Interestingly, the TBI encounters and TBI decisions subthemes had many similarities between study sites, despite the differences between HICs and LMICs. Both sites agreed that the TBI tool could be used for a majority of all TBI patients, though participants had a preference for using the TBI tool with mild or moderate TBIs as severe TBIs typically have a clear care pathway. However, participants said that for patients with expected mortality, the tool could be useful to know when to stop care prior to using exhaustive resources and to provide evidence when they cannot do more for the patient. The TBI tool could overcome the unique challenges that all EDs face when making these decisions to stop care, as typically they lack crucial data concerning the patient’s baseline and future functional outcomes whether they receive intensive care [31]. Other TBI decisions at both sites that would be supported by the TBI tool included resource allocation, trending, long-term prognosis and surgery. The similar TBI decisions highlight that there are challenging decisions in all settings regardless of the resources available, and demonstrates knowledge translation opportunities between HIC and LMIC study sites [32]. Therefore, having a tool to support common decision points would likely be more feasible to implement across different contexts.

Between the two sites, major differences in subtheme impact included technical, acceptability, use of the TBI tool outside the hospital, social context of the workplace, external policies and incentives, and country culture. Most differences impeded use of the TBI tool at Duke Hospital and supported the use of the TBI tool at KCMC. This disparity suggests that the TBI tool is currently better suited for implementation in the KCMC setting; a promising finding as the tool was developed for a LMIC setting with data from Tanzania. For example, the impact of country culture on the TBI tool use was different between study sites. At Duke hospital the culture of medical consumerism threatened the utility of the TBI tool in the ED, whereas at KCMC the country culture supported the TBI tool. Consumerism-based healthcare as a barrier to implementing decision tools, such as the TBI tool, are relatively new and accompanied by the pressure to satisfy patients. Duke participants expressed that they do not often provide conservative care, and that their patients are their customers that must be satisfied. A similar phenomenon was observed in a study assessing why management of syncope is not value-based across four different hospitals in the US. The study reported that clinicians felt pressure to over test and to provide good customer service, leading to a disregard of the guidelines [33]. This pressure for a consumer approach to medicine is unique to our HIC setting, as there was no reporting of this approach at KCMC. Further, at KCMC, participants viewed the hospital as a silo from society and did not think that the cultural nuances of Tanzania would impact the implementation or use of the TBI tool.

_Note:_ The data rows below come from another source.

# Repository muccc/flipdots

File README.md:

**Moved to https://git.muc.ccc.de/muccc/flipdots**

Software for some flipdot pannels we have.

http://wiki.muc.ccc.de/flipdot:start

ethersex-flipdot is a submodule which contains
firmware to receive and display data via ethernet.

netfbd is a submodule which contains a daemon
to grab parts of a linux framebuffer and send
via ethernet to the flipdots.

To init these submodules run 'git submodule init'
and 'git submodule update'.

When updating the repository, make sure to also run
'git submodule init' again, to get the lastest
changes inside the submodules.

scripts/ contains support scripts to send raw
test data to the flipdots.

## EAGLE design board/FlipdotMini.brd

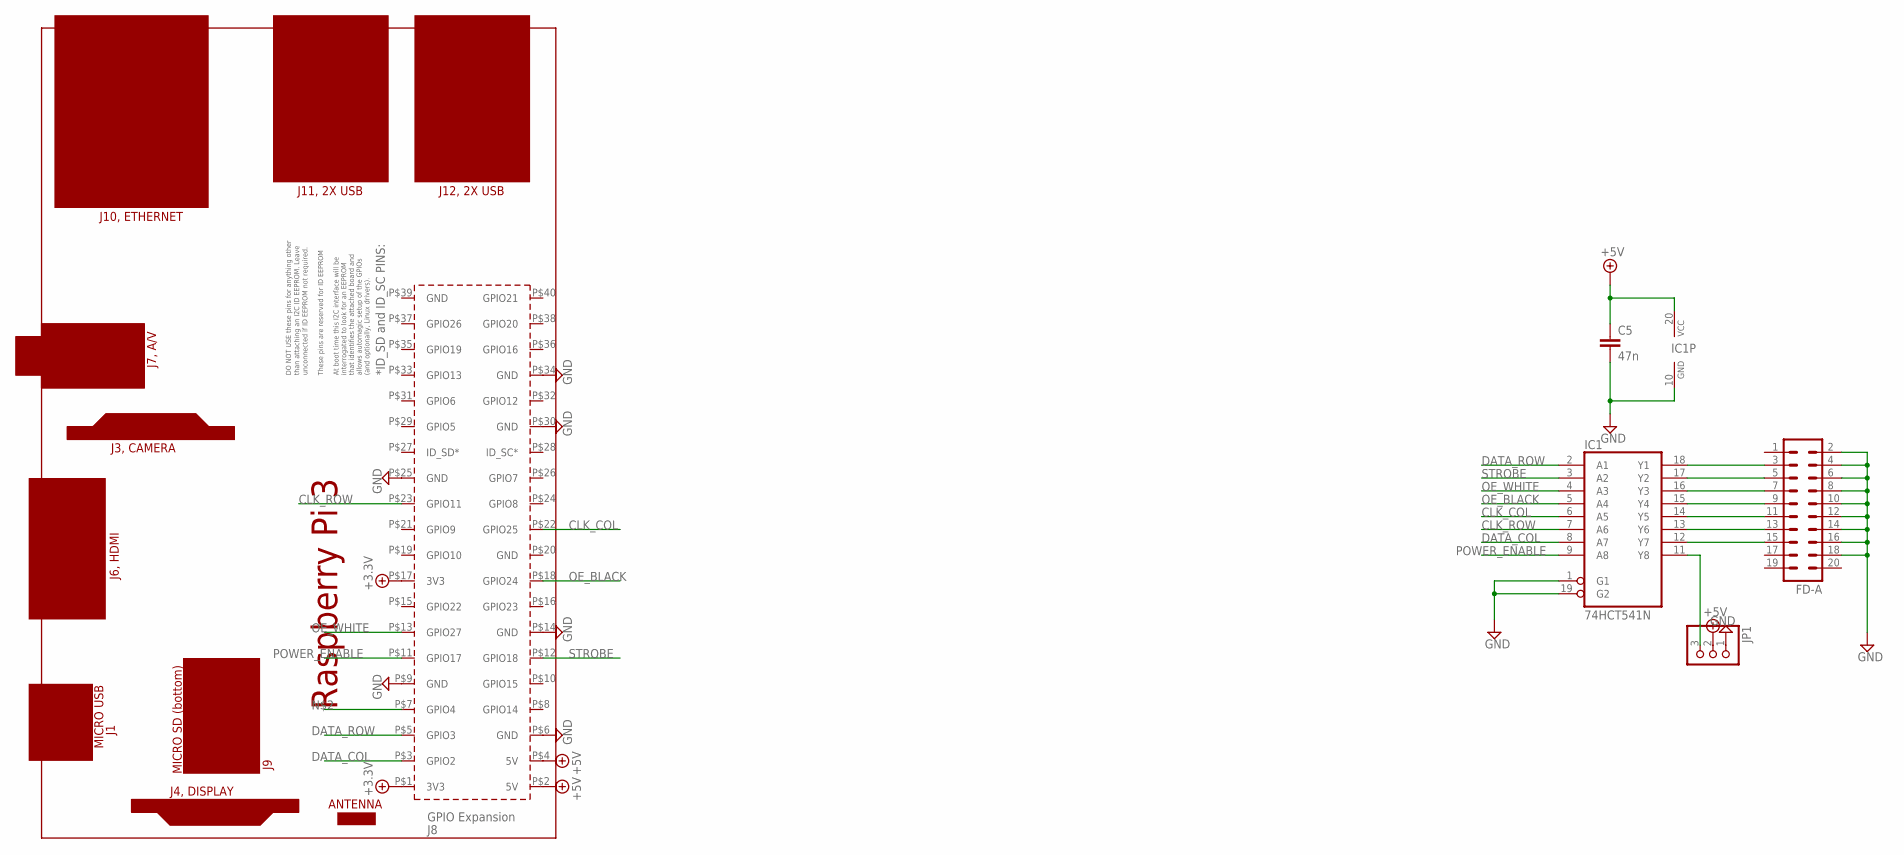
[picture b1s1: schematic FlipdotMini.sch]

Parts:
C5: 47n; C0805
FD-A: MA10-2
IC1: 74HCT541N; DIL20
JP1: PINHD-1X3; 1X03
PCB1: RPI3

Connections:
+3.3V: PCB1.P$1 (3V3), PCB1.P$17 (3V3)
+5V: C5.1, IC1.20 (VCC), JP1.2, PCB1.P$2 (5V), PCB1.P$4 (5V)
CLK_COL: IC1.6 (A5), PCB1.P$22 (GPIO25)
CLK_ROW: IC1.7 (A6), PCB1.P$23 (GPIO11)
DATA_COL: IC1.8 (A7), PCB1.P$3 (GPIO2)
DATA_ROW: IC1.2 (A1), PCB1.P$5 (GPIO3)
GND: C5.2, FD-A.2, FD-A.4, FD-A.6, FD-A.8, FD-A.10, FD-A.12, FD-A.14, FD-A.16, FD-A.18, IC1.1 (G1), IC1.10 (GND), IC1.19 (G2), JP1.1, PCB1.P$6 (GND), PCB1.P$9 (GND), PCB1.P$14 (GND), PCB1.P$25 (GND), PCB1.P$30 (GND), PCB1.P$34 (GND)
unnamed: FD-A.3, IC1.18 (Y1)
unnamed: FD-A.5, IC1.17 (Y2)
unnamed: FD-A.7, IC1.16 (Y3)
unnamed: FD-A.9, IC1.15 (Y4)
unnamed: FD-A.11, IC1.14 (Y5)
unnamed: FD-A.13, IC1.13 (Y6)
unnamed: FD-A.15, IC1.12 (Y7)
unnamed: IC1.11 (Y8), JP1.3
OE_BLACK: IC1.5 (A4), PCB1.P$18 (GPIO24)
OE_WHITE: IC1.4 (A3), PCB1.P$13 (GPIO27)
POWER_ENABLE: IC1.9 (A8), PCB1.P$11 (GPIO17)
STROBE: IC1.3 (A2), PCB1.P$12 (GPIO18)

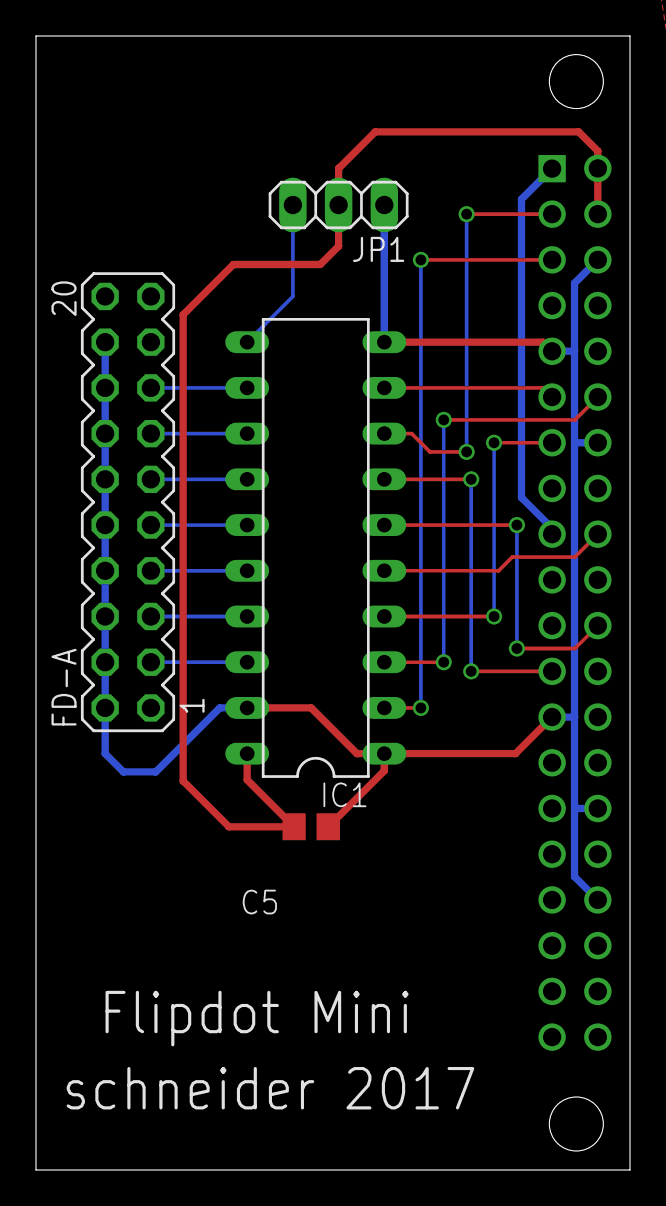
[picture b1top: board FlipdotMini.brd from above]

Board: 2 copper layers, 33.0 x 63.0 mm, 5 parts (0 on the bottom side), 19 nets.

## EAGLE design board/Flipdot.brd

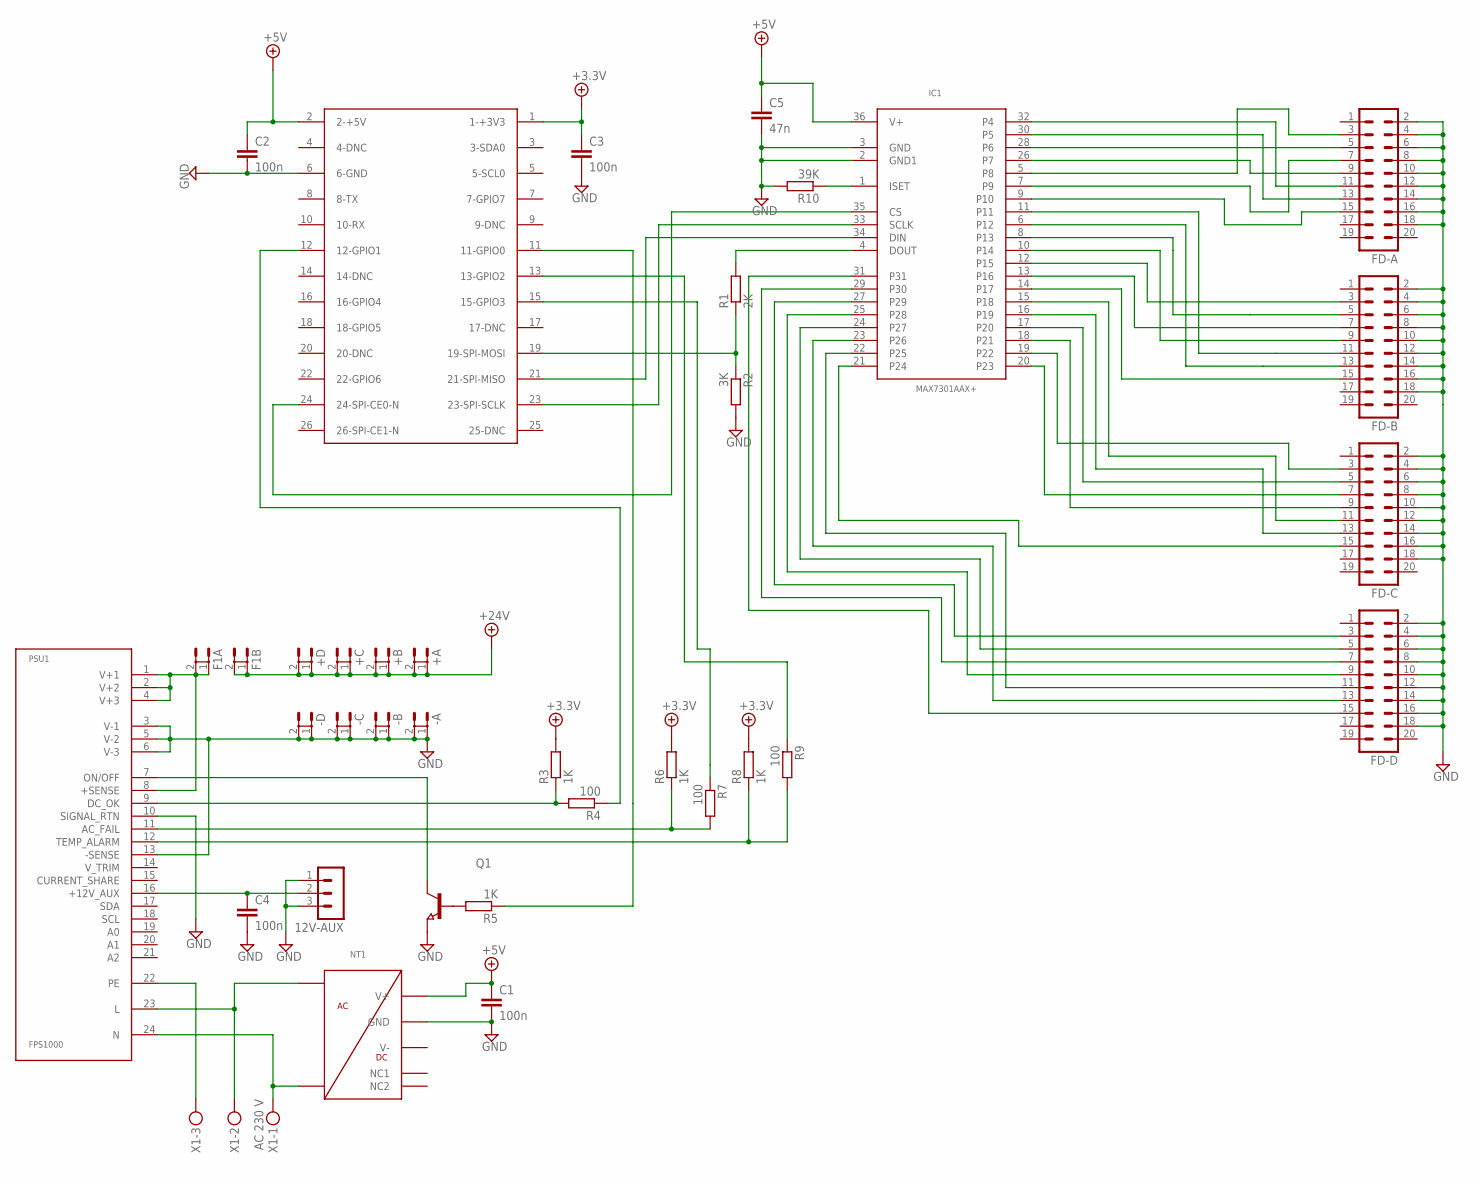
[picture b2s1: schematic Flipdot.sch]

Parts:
12V-AUX: MA03-1
+A: ST6,3
+B: ST6,3
+C: ST6,3
+D: ST6,3
-A: ST6,3
-B: ST6,3
-C: ST6,3
-D: ST6,3
C1, C2, C3, C4: 100n; C0603
C5: 47n; C0603
F1A, F1B: ST6,3
FD-A: MA10-2
FD-B: MA10-2
FD-C: MA10-2
FD-D: MA10-2
IC1: MAX7301AAX+; SSOP36
NT1: TMPM04; TPM04
PSU1: FPS1000; 24W9F
Q1: NPN-TRANSISTOR_SOT23; SOT23
R1: 2K; R0603
R2: 3K; R0603
R3, R5, R6, R8: 1K; R0603
R4, R7, R9: 100; R0603
R10: 39K; R0603
U$1: RASPBERRY-PI
X1: AC 230 V; MKDSN1,5/3-5,08

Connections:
+3.3V: C3.1, R3.2, R6.2, R8.2, U$1.1 (1-+3V3)
+5V: C1.1, C2.1, C5.1, IC1.36 (V+), NT1.3 (V+), U$1.2 (2-+5V)
+24V: +A.1, +A.2, +B.1, +B.2, +C.1, +C.2, +D.1, +D.2, F1B.1, F1B.2
GND: 12V-AUX.1, 12V-AUX.3, -A.1, -A.2, -B.1, -B.2, -C.1, -C.2, -D.1, -D.2, C1.2, C2.2, C3.2, C4.2, C5.2, FD-A.2, FD-A.4, FD-A.6, FD-A.8, FD-A.10, FD-A.12, FD-A.14, FD-A.16, FD-A.18, FD-B.2, FD-B.4, FD-B.6, FD-B.8, FD-B.10, FD-B.12, FD-B.14, FD-B.16, FD-B.18, FD-C.2, FD-C.4, FD-C.6, FD-C.8, FD-C.10, FD-C.12, FD-C.14, FD-C.16, FD-C.18, FD-D.2, FD-D.4, FD-D.6, FD-D.8, FD-D.10, FD-D.12, FD-D.14, FD-D.16, FD-D.18, IC1.2 (GND1), IC1.3 (GND), NT1.4 (GND), PSU1.3 (V-1), PSU1.5 (V-2), PSU1.6 (V-3), PSU1.10 (SIGNAL_RTN), PSU1.13 (-SENSE), Q1.2 (E), R2.2, R10.2, U$1.6 (6-GND)
unnamed: FD-D.11, IC1.22 (P25)
unnamed: FD-D.13, IC1.23 (P26)
unnamed: FD-A.5, IC1.28 (P6)
unnamed: FD-A.9, IC1.26 (P7)
unnamed: FD-A.3, IC1.5 (P8)
unnamed: FD-A.7, IC1.7 (P9)
unnamed: FD-A.15, IC1.9 (P10)
unnamed: FD-B.5, IC1.8 (P13)
unnamed: FD-B.9, IC1.10 (P14)
unnamed: FD-B.3, IC1.12 (P15)
unnamed: FD-B.7, IC1.13 (P16)
unnamed: FD-B.15, IC1.14 (P17)
unnamed: FD-C.5, IC1.17 (P20)
unnamed: FD-C.9, IC1.18 (P21)
unnamed: FD-C.3, IC1.19 (P22)
unnamed: FD-C.7, IC1.20 (P23)
unnamed: FD-C.15, IC1.21 (P24)
unnamed: FD-D.5, IC1.24 (P27)
unnamed: FD-D.9, IC1.25 (P28)
unnamed: FD-D.3, IC1.27 (P29)
unnamed: FD-D.7, IC1.29 (P30)
unnamed: FD-D.15, IC1.31
unnamed: IC1.33 (SCLK), U$1.23 (23-SPI-SCLK)
unnamed: IC1.35 (CS), U$1.24 (24-SPI-CE0-N)
unnamed: IC1.34 (DIN), U$1.21 (21-SPI-MISO)
unnamed: F1A.1, F1A.2, PSU1.1 (V+1), PSU1.2 (V+2), PSU1.4 (V+3), PSU1.8 (+SENSE)
unnamed: Q1.1 (B), R5.2
unnamed: PSU1.7 (ON/OFF), Q1.3 (C)
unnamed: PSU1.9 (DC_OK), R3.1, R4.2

Overall, there was a surprising number of common challenges faced at both study sites. Taken together, participants identified TBI tool characteristics required for implementation. Key challenges to address prior to implementation at KCMC, as summarized in the results, included: technical changes, education, accuracy, workflow integration, accounting for social context, and analyzing the cost effectiveness of using the tool. These challenges have been reported in other mHealth implementation science studies. By identifying these challenges prior to implementation, preliminary adaptations can be made to increase end user buy-in as stakeholders can see their impact on the final TBI tool. Previous studies have shown that participants who helped co-create solutions resulted in designs that scored significantly higher scores for end user benefits and satisfaction with the intervention [17,34,35]; and showed that co-design reduces unintentional reinforcement of inequities [36]. Further, these findings demonstrate how HCD techniques, such as co-design, could potentially overcome some of the challenges of implementation and end-user’s uptake as participants contribute to creating the solution.

There are three main limitations of this study. Firstly, KCMC participants did not do the rapid fire/ pile sort co-design activity due to time restraints. Although we were unable to compare this co-design activity between the two settings, data from the other activities suggested this was not a major limitation as no new subthemes were generated in the rapid fire/pile sort activity among the Duke affiliated participants. Secondly, the composition of the samples was different between the two sites. A majority of the KCMC participants were nurses, whereas the Duke population was more evenly divided across job titles. This difference is appropriate, however, since there are fewer doctors at KCMC compared to Duke Hospital. The samples in each setting reflected the distribution of healthcare providers in that setting. Lastly, at both Duke Hospital and KCMC the sample could be biased, as there was a large time commitment to participate in stage 1, and therefore only people interested in research may have agreed to participate. This is a common bias and we do not know how the characteristics of those who chose not to participate may be different than those who did. However, the newness of the methodology may have mitigated this risk somewhat, as it may have attracted more than the usual research knowledgeable participants.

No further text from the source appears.